#### [Dataset items]
BEGIN
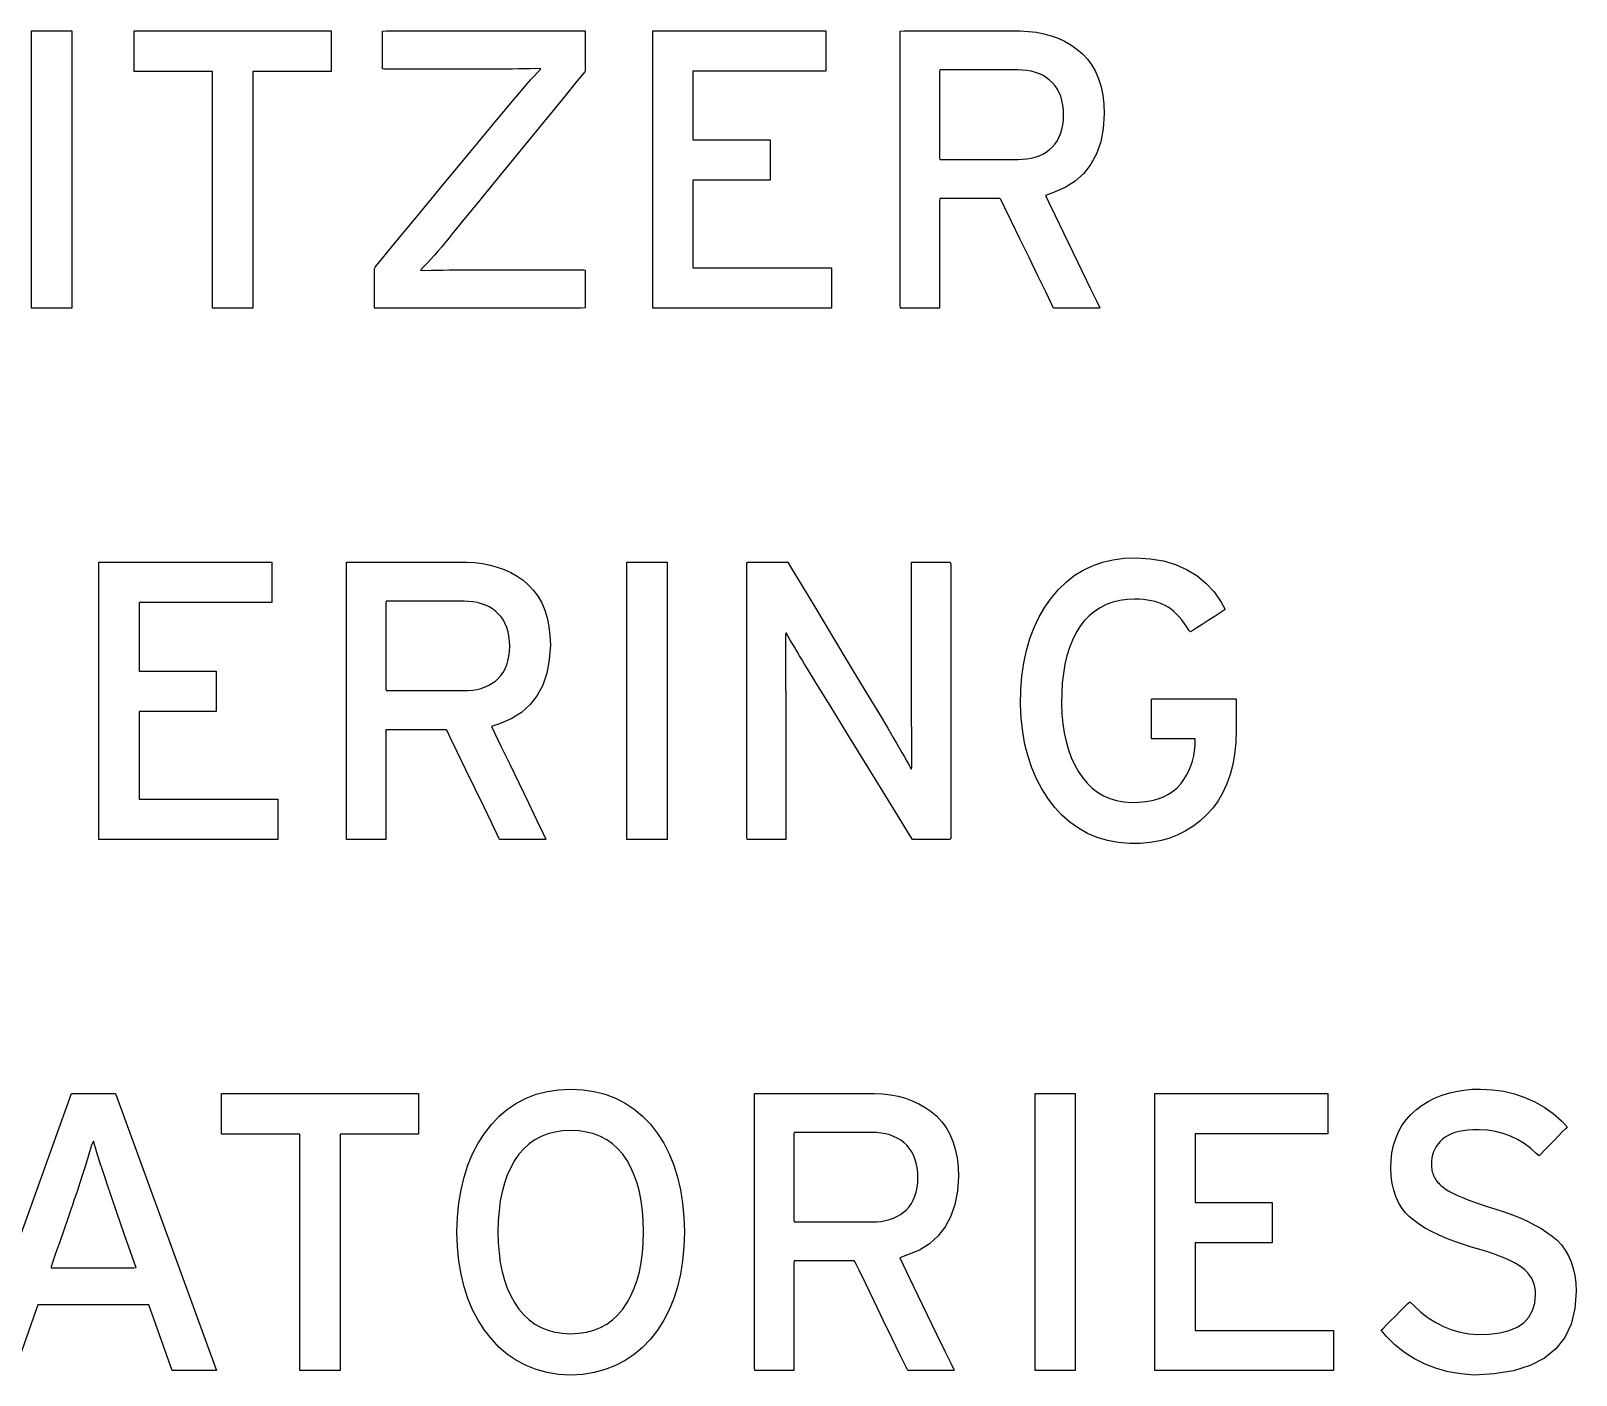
# Model space of a CAD drawing. Extents: x 1 to 47.7, y 0.2 to 33.3.
# Drawn here: x 19.132 to 19.738, y 10.969 to 11.495 of the extents above; entities that cross this region are included whole.
import ezdxf

# ---------------------------------------------------------------- set-up
doc = ezdxf.new("R2010")
doc.units = 0
doc.header["$MEASUREMENT"] = 0
doc.layers.add('4_0_____DWG', color=7, linetype='CONTINUOUS')

msp = doc.modelspace()

# ---------------------------------------------------------------- linework, layer by layer
at = {"layer": '4_0_____DWG'}
for points in [[(19.13265, 11.38662), (19.13265, 11.49517), (19.14838, 11.49517), (19.14838, 11.38662), (19.13265, 11.38662)], [(19.21932, 11.47927), (19.21932, 11.38662), (19.20358, 11.38662), (19.20358, 11.47927), (19.1729, 11.47927), (19.1729, 11.49517), (19.25004, 11.49517), (19.25004, 11.47927), (19.21932, 11.47927)], [(19.37597, 11.38662), (19.37597, 11.49517), (19.44372, 11.49517), (19.44372, 11.47942), (19.39172, 11.47942), (19.39172, 11.45245), (19.42193, 11.45245), (19.42193, 11.4367), (19.39172, 11.4367), (19.39172, 11.40237), (19.446, 11.40237), (19.446, 11.38662), (19.37597, 11.38662)], [(19.15904, 11.17856), (19.15904, 11.28711), (19.22679, 11.28711), (19.22679, 11.27136), (19.17477, 11.27136), (19.17477, 11.24438), (19.20499, 11.24438), (19.20499, 11.22864), (19.17477, 11.22864), (19.17477, 11.19431), (19.22907, 11.19431), (19.22907, 11.17856), (19.15904, 11.17856)], [(19.36583, 11.17856), (19.36583, 11.28711), (19.38158, 11.28711), (19.38158, 11.17856), (19.36583, 11.17856)], [(19.1877, 10.9705), (19.17861, 10.99627), (19.13514, 10.99627), (19.12612, 10.9705), (19.10924, 10.9705), (19.14831, 11.07905), (19.16559, 11.07905), (19.20513, 10.9705), (19.1877, 10.9705)], [(19.25348, 11.06315), (19.25348, 10.9705), (19.23773, 10.9705), (19.23773, 11.06315), (19.20707, 11.06315), (19.20707, 11.07905), (19.28419, 11.07905), (19.28419, 11.06315), (19.25348, 11.06315)], [(19.5257, 10.9705), (19.5257, 11.07905), (19.54143, 11.07905), (19.54143, 10.9705), (19.5257, 10.9705)], [(19.57261, 10.9705), (19.57261, 11.07905), (19.64036, 11.07905), (19.64036, 11.0633), (19.58836, 11.0633), (19.58836, 11.03632), (19.61857, 11.03632), (19.61857, 11.02057), (19.58836, 11.02057), (19.58836, 10.98625), (19.64264, 10.98625), (19.64264, 10.9705), (19.57261, 10.9705)]]:
    msp.add_lwpolyline(points, dxfattribs=at)
for points in [[(19.267, 11.38662), (19.267, 11.3872), (19.267, 11.38874), (19.267, 11.39096), (19.267, 11.39357), (19.267, 11.39628), (19.267, 11.3988), (19.267, 11.40085), (19.267, 11.40215), (19.26717, 11.40265), (19.27013, 11.40622), (19.27604, 11.41337), (19.28394, 11.42291), (19.29287, 11.43371), (19.30187, 11.44458), (19.30998, 11.45438), (19.31623, 11.46194), (19.31967, 11.46609), (19.32091, 11.46758), (19.3224, 11.46937), (19.32387, 11.4711), (19.32532, 11.47277), (19.32673, 11.47439), (19.32812, 11.47595), (19.32948, 11.47745), (19.33081, 11.4789), (19.33211, 11.48029), (19.33041, 11.48042), (19.32813, 11.48037), (19.32578, 11.48032), (19.32334, 11.48027), (19.32083, 11.48024), (19.31824, 11.48021), (19.31557, 11.4802), (19.31282, 11.48019), (19.31037, 11.48018), (19.30851, 11.48018), (19.3043, 11.48018), (19.29846, 11.48018), (19.29174, 11.48018), (19.28487, 11.48018), (19.27857, 11.48018), (19.27357, 11.48018), (19.27061, 11.48018), (19.27011, 11.48029), (19.27011, 11.48126), (19.27011, 11.48303), (19.27011, 11.48532), (19.27011, 11.48786), (19.27011, 11.49038), (19.27011, 11.49262), (19.27011, 11.49429), (19.27011, 11.49512), (19.27162, 11.49517), (19.27812, 11.49517), (19.28842, 11.49517), (19.30108, 11.49517), (19.31467, 11.49517), (19.32775, 11.49517), (19.33887, 11.49517), (19.3466, 11.49517), (19.3495, 11.49517), (19.3495, 11.49459), (19.3495, 11.49306), (19.3495, 11.49085), (19.3495, 11.48825), (19.3495, 11.48555), (19.3495, 11.48303), (19.3495, 11.48099), (19.3495, 11.4797), (19.34933, 11.47919), (19.34641, 11.47562), (19.34057, 11.46847), (19.33276, 11.45892), (19.32393, 11.44811), (19.31503, 11.43723), (19.30702, 11.42742), (19.30084, 11.41986), (19.29744, 11.41571), (19.29622, 11.4142), (19.29475, 11.41241), (19.2933, 11.41067), (19.29187, 11.40899), (19.29045, 11.40738), (19.28906, 11.40582), (19.28769, 11.40432), (19.28634, 11.40288), (19.285, 11.4015), (19.2867, 11.40137), (19.28898, 11.40143), (19.29134, 11.40148), (19.29377, 11.40152), (19.29628, 11.40155), (19.29887, 11.40158), (19.30154, 11.4016), (19.30429, 11.40161), (19.30674, 11.40161), (19.30872, 11.40161), (19.31319, 11.40161), (19.31939, 11.40161), (19.32652, 11.40161), (19.33383, 11.40161), (19.34052, 11.40161), (19.34582, 11.40161), (19.34897, 11.40161), (19.3495, 11.40151), (19.3495, 11.40053), (19.3495, 11.39877), (19.3495, 11.39648), (19.3495, 11.39393), (19.3495, 11.39141), (19.3495, 11.38918), (19.3495, 11.38751), (19.3495, 11.38667), (19.34793, 11.38662), (19.34118, 11.38662), (19.33047, 11.38662), (19.31731, 11.38662), (19.30319, 11.38662), (19.2896, 11.38662), (19.27805, 11.38662), (19.27001, 11.38662)], [(19.5528, 11.46271), (19.5524, 11.45696), (19.5514, 11.45174), (19.5498, 11.44708), (19.54761, 11.44296), (19.54482, 11.43938), (19.54143, 11.43635), (19.53745, 11.43387), (19.53287, 11.43194), (19.52976, 11.43076), (19.53108, 11.42802), (19.53359, 11.42284), (19.53688, 11.41604), (19.54055, 11.40846), (19.5442, 11.40091), (19.54744, 11.39422), (19.54986, 11.38923), (19.55105, 11.38675), (19.55075, 11.38662), (19.54923, 11.38662), (19.54682, 11.38662), (19.54388, 11.38662), (19.54073, 11.38662), (19.53773, 11.38662), (19.5352, 11.38662), (19.53349, 11.38662), (19.53292, 11.38664), (19.53201, 11.38851), (19.52986, 11.39296), (19.52683, 11.39919), (19.52333, 11.40641), (19.51974, 11.4138), (19.51646, 11.42058), (19.51386, 11.42594), (19.51233, 11.42909), (19.5119, 11.42958), (19.5103, 11.42958), (19.50743, 11.42958), (19.50373, 11.42958), (19.49965, 11.42958), (19.49563, 11.42958), (19.49212, 11.42958), (19.48955, 11.42958), (19.48836, 11.42958), (19.48833, 11.4285), (19.48833, 11.42467), (19.48833, 11.41884), (19.48833, 11.41181), (19.48833, 11.40439), (19.48833, 11.39736), (19.48833, 11.39153), (19.48833, 11.38771), (19.48831, 11.38662), (19.48754, 11.38662), (19.48587, 11.38662), (19.48359, 11.38662), (19.48098, 11.38662), (19.47833, 11.38662), (19.47593, 11.38662), (19.47406, 11.38662), (19.47302, 11.38662), (19.4729, 11.38787), (19.4729, 11.39581), (19.4729, 11.40935), (19.4729, 11.42648), (19.4729, 11.44518), (19.4729, 11.46341), (19.4729, 11.47916), (19.4729, 11.49041), (19.4729, 11.49513), (19.47432, 11.49517), (19.47866, 11.49517), (19.48506, 11.49517), (19.49268, 11.49517), (19.50065, 11.49517), (19.50811, 11.49517), (19.5142, 11.49517), (19.51807, 11.49517), (19.5199, 11.49516), (19.52311, 11.495), (19.5262, 11.49464), (19.52916, 11.49406), (19.532, 11.49328), (19.53471, 11.49229), (19.53729, 11.49109), (19.53975, 11.48969), (19.54208, 11.48808), (19.54428, 11.48623), (19.54625, 11.48413), (19.54796, 11.48179), (19.54941, 11.47921), (19.5506, 11.47639), (19.55154, 11.47333), (19.55222, 11.47003), (19.55264, 11.46649)], [(19.5369, 11.46225), (19.5368, 11.46427), (19.53658, 11.46615), (19.53622, 11.46792), (19.53574, 11.46956), (19.53513, 11.47107), (19.53439, 11.47246), (19.53352, 11.47372), (19.53253, 11.47486), (19.5314, 11.47591), (19.53016, 11.47685), (19.52883, 11.47767), (19.52739, 11.47836), (19.52585, 11.47892), (19.52422, 11.47935), (19.52248, 11.47965), (19.52065, 11.47982), (19.51897, 11.47987), (19.51746, 11.47987), (19.51406, 11.47987), (19.50939, 11.47987), (19.50406, 11.47987), (19.49868, 11.47987), (19.49387, 11.47987), (19.49026, 11.47987), (19.48844, 11.47987), (19.48833, 11.47916), (19.48833, 11.47612), (19.48833, 11.47132), (19.48833, 11.46547), (19.48833, 11.45927), (19.48833, 11.45342), (19.48833, 11.44862), (19.48833, 11.44558), (19.48844, 11.44486), (19.49026, 11.44486), (19.49387, 11.44486), (19.49868, 11.44486), (19.50406, 11.44486), (19.50939, 11.44486), (19.51406, 11.44486), (19.51746, 11.44486), (19.51897, 11.44486), (19.52062, 11.44491), (19.52242, 11.44507), (19.52413, 11.44536), (19.52575, 11.44577), (19.52726, 11.4463), (19.52869, 11.44696), (19.53002, 11.44773), (19.53125, 11.44863), (19.53239, 11.44964), (19.53342, 11.45076), (19.53431, 11.45202), (19.53507, 11.4534), (19.53571, 11.45492), (19.5362, 11.45656), (19.53657, 11.45833), (19.5368, 11.46023)], [(19.60449, 11.22104), (19.60432, 11.21639), (19.60386, 11.21199), (19.60313, 11.20783), (19.60212, 11.20393), (19.60083, 11.20027), (19.59925, 11.19687), (19.5974, 11.19371), (19.59527, 11.19081), (19.59286, 11.18814), (19.59026, 11.18571), (19.58747, 11.18358), (19.58451, 11.18173), (19.58136, 11.18018), (19.57804, 11.17893), (19.57453, 11.17796), (19.57085, 11.17729), (19.56699, 11.17691), (19.56274, 11.17688), (19.55826, 11.17731), (19.55402, 11.17813), (19.55, 11.17933), (19.54622, 11.18092), (19.54266, 11.1829), (19.53934, 11.18528), (19.53624, 11.18804), (19.53338, 11.19119), (19.53071, 11.19465), (19.52831, 11.19835), (19.52621, 11.20231), (19.52442, 11.20653), (19.52294, 11.21101), (19.52176, 11.21575), (19.52088, 11.22074), (19.52032, 11.226), (19.52006, 11.23152), (19.52016, 11.23715), (19.52058, 11.24253), (19.5213, 11.24767), (19.52234, 11.25255), (19.52368, 11.25718), (19.52532, 11.26156), (19.52727, 11.26568), (19.52953, 11.26955), (19.53209, 11.27316), (19.53485, 11.27644), (19.53784, 11.27934), (19.54105, 11.28186), (19.5445, 11.28398), (19.54817, 11.28573), (19.55208, 11.28709), (19.55622, 11.28807), (19.56059, 11.28866), (19.56534, 11.28885), (19.57085, 11.28848), (19.57597, 11.2876), (19.58071, 11.2862), (19.58506, 11.28429), (19.58902, 11.28187), (19.5926, 11.27893), (19.59579, 11.27547), (19.59859, 11.2715), (19.60019, 11.26853), (19.59939, 11.26802), (19.59785, 11.26704), (19.59581, 11.26573), (19.59351, 11.26425), (19.5912, 11.26277), (19.58911, 11.26143), (19.58748, 11.26039), (19.58657, 11.2598), (19.58598, 11.26051), (19.58507, 11.26194), (19.58412, 11.26328), (19.58315, 11.26453), (19.58216, 11.26569), (19.58113, 11.26677), (19.58008, 11.26775), (19.579, 11.26865), (19.57789, 11.26946), (19.57671, 11.27014), (19.57546, 11.27072), (19.57413, 11.27123), (19.57273, 11.27166), (19.57126, 11.27201), (19.56972, 11.27228), (19.56811, 11.27248), (19.56643, 11.2726), (19.56467, 11.27265), (19.56174, 11.27251), (19.55884, 11.2721), (19.55611, 11.27143), (19.55355, 11.2705), (19.55116, 11.2693), (19.54893, 11.26784), (19.54688, 11.26611), (19.54499, 11.26413), (19.54327, 11.26187), (19.54172, 11.25933), (19.54035, 11.25659), (19.53918, 11.25365), (19.53819, 11.2505), (19.5374, 11.24714), (19.53679, 11.24358), (19.53637, 11.23981), (19.53614, 11.23583), (19.5361, 11.23169), (19.53625, 11.22768), (19.53658, 11.22387), (19.53711, 11.22026), (19.53783, 11.21685), (19.53874, 11.21365), (19.53983, 11.21064), (19.54112, 11.20784), (19.54259, 11.20523), (19.54424, 11.2028), (19.54606, 11.2006), (19.54804, 11.19867), (19.55019, 11.19703), (19.55251, 11.19567), (19.555, 11.19459), (19.55765, 11.19379), (19.56048, 11.19327), (19.56347, 11.19303), (19.5664, 11.1931), (19.56909, 11.19336), (19.57159, 11.19381), (19.57392, 11.19444), (19.57606, 11.19525), (19.57803, 11.19624), (19.57981, 11.19741), (19.58141, 11.19877), (19.58283, 11.20031), (19.58402, 11.20196), (19.58507, 11.20368), (19.58597, 11.20546), (19.58673, 11.20731), (19.58735, 11.20924), (19.58783, 11.21123), (19.58818, 11.21328), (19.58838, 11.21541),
END
#### [REQUIRED ACTION]
Word for word, write out the lines from the top of the records above down to the line holding "msp = doc.modelspace()", inclusive, but not the pictures.

#### [ANSWER SECTION]
# Model space of a CAD drawing. Extents: x 1 to 47.7, y 0.2 to 33.3.
# Drawn here: x 19.132 to 19.738, y 10.969 to 11.495 of the extents above; entities that cross this region are included whole.
import ezdxf

# ---------------------------------------------------------------- set-up
doc = ezdxf.new("R2010")
doc.units = 0
doc.header["$MEASUREMENT"] = 0
doc.layers.add('4_0_____DWG', color=7, linetype='CONTINUOUS')

msp = doc.modelspace()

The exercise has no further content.